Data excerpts
__________________________________________________
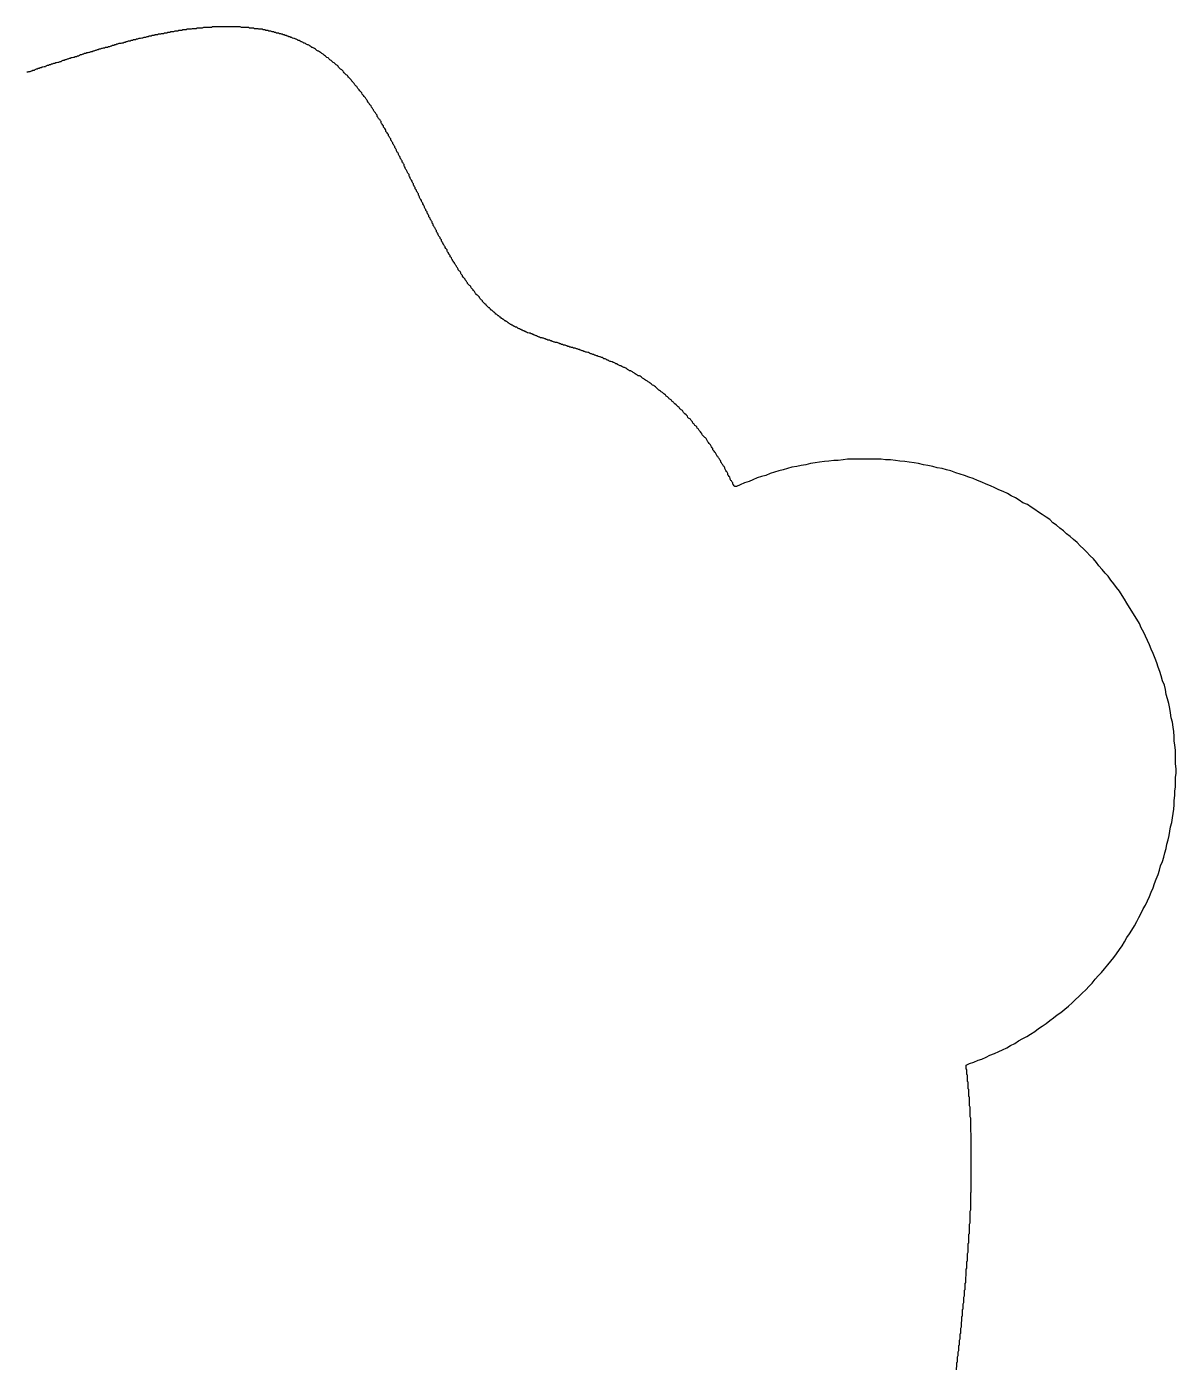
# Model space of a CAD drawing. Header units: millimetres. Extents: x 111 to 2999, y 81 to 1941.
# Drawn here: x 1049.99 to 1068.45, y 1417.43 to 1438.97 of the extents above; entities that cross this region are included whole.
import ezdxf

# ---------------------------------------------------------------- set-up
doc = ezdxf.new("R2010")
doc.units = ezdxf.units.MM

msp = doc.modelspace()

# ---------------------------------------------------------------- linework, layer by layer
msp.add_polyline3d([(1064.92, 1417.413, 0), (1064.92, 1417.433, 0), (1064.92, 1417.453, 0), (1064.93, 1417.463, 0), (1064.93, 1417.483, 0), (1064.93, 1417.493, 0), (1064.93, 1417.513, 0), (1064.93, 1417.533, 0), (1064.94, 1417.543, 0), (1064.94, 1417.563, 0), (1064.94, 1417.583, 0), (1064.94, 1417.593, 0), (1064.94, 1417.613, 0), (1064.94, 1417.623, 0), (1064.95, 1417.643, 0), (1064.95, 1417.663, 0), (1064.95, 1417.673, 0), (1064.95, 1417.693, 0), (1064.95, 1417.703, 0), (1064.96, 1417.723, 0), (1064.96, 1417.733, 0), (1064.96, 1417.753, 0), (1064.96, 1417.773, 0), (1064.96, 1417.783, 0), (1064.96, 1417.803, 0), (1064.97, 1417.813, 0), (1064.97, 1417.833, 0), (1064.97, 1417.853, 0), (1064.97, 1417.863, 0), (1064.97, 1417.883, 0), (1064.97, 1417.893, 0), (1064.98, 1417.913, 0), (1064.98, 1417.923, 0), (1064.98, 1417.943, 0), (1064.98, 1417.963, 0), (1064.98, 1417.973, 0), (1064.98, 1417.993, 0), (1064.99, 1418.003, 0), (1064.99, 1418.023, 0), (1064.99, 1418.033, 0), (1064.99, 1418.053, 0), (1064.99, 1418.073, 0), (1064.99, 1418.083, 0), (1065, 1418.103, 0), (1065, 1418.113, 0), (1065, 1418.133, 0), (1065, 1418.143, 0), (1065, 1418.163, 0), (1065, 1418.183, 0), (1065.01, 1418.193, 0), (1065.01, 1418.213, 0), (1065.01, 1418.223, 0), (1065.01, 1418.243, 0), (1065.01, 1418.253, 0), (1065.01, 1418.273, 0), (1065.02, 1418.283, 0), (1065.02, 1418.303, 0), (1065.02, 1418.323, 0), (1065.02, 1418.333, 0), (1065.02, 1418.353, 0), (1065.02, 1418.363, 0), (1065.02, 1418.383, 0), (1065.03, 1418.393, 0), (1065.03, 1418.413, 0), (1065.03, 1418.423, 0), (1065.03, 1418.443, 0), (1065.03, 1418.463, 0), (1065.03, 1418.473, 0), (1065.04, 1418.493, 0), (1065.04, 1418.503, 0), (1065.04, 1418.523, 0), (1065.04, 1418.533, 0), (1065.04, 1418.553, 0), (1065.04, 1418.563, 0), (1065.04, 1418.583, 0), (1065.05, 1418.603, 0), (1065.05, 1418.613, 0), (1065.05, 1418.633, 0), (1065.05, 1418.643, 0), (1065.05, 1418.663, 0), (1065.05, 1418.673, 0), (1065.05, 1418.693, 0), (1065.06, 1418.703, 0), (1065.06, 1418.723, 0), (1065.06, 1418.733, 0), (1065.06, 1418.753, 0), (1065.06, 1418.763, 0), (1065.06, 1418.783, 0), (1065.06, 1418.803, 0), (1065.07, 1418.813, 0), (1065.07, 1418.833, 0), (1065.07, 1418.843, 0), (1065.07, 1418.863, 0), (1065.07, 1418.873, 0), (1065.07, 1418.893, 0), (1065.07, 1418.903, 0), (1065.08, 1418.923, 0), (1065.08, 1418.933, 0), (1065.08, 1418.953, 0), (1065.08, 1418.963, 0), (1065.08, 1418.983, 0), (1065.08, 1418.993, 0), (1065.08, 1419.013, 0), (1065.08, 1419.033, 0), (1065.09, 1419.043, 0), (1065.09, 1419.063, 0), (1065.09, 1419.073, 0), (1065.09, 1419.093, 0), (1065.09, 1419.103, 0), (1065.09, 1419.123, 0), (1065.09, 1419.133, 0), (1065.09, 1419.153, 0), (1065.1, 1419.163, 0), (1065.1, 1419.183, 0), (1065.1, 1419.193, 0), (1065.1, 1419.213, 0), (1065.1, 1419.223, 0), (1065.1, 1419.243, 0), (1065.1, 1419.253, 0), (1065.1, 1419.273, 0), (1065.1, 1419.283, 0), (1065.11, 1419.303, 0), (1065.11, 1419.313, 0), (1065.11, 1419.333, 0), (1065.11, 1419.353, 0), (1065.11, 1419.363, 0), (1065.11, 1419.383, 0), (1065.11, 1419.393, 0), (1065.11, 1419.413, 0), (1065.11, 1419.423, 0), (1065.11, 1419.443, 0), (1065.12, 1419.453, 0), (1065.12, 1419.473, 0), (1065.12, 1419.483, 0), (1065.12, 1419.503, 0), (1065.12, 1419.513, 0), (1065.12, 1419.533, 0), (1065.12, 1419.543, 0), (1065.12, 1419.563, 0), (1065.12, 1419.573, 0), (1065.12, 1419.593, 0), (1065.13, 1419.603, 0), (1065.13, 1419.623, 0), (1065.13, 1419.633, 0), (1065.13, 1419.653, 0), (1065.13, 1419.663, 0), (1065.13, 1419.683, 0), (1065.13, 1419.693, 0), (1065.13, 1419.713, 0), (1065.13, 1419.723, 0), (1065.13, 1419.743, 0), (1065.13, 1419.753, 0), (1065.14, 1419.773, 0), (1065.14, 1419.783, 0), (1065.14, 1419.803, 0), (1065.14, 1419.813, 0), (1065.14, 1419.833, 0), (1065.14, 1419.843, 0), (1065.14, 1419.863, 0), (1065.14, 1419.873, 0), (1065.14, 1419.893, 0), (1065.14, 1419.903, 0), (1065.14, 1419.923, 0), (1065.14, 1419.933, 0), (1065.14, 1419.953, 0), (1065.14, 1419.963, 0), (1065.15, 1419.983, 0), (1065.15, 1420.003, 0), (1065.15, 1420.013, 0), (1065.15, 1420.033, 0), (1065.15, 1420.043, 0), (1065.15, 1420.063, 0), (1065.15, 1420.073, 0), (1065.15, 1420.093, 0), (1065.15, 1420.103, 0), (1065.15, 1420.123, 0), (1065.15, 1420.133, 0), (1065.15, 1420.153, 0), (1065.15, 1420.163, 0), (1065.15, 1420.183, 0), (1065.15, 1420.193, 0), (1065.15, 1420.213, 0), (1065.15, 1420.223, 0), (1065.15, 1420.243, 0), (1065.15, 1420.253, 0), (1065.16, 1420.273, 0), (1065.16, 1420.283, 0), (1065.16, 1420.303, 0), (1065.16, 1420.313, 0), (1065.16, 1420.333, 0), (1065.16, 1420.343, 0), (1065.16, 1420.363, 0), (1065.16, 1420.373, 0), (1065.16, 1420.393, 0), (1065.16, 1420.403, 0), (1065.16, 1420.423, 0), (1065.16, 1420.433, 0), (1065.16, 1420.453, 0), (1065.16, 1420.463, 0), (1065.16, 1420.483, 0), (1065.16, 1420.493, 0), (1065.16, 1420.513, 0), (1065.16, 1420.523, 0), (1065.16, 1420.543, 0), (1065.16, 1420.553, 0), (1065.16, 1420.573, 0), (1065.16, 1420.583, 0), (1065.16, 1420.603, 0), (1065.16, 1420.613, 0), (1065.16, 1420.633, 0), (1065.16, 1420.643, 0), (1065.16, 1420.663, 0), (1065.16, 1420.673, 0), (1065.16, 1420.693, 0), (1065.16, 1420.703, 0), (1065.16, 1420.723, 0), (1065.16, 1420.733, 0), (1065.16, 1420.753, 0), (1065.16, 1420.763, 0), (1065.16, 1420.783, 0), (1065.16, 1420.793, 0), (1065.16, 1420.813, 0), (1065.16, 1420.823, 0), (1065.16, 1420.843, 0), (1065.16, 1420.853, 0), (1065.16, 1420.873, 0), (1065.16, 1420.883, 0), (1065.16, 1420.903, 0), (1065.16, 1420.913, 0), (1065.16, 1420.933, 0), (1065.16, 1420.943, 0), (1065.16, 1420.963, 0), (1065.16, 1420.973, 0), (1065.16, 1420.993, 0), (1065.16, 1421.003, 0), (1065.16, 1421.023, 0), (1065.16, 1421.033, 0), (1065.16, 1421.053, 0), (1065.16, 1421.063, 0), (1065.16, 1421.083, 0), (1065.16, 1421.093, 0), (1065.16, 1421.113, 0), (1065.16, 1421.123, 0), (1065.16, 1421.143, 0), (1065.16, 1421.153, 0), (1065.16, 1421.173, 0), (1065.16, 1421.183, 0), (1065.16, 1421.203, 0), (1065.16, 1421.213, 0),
__________________________________________________
- Exercise description: Every line above with the word "units" belongs in the answer, copied as written.

- Answer box:
# Model space of a CAD drawing. Header units: millimetres. Extents: x 111 to 2999, y 81 to 1941.
doc.units = ezdxf.units.MM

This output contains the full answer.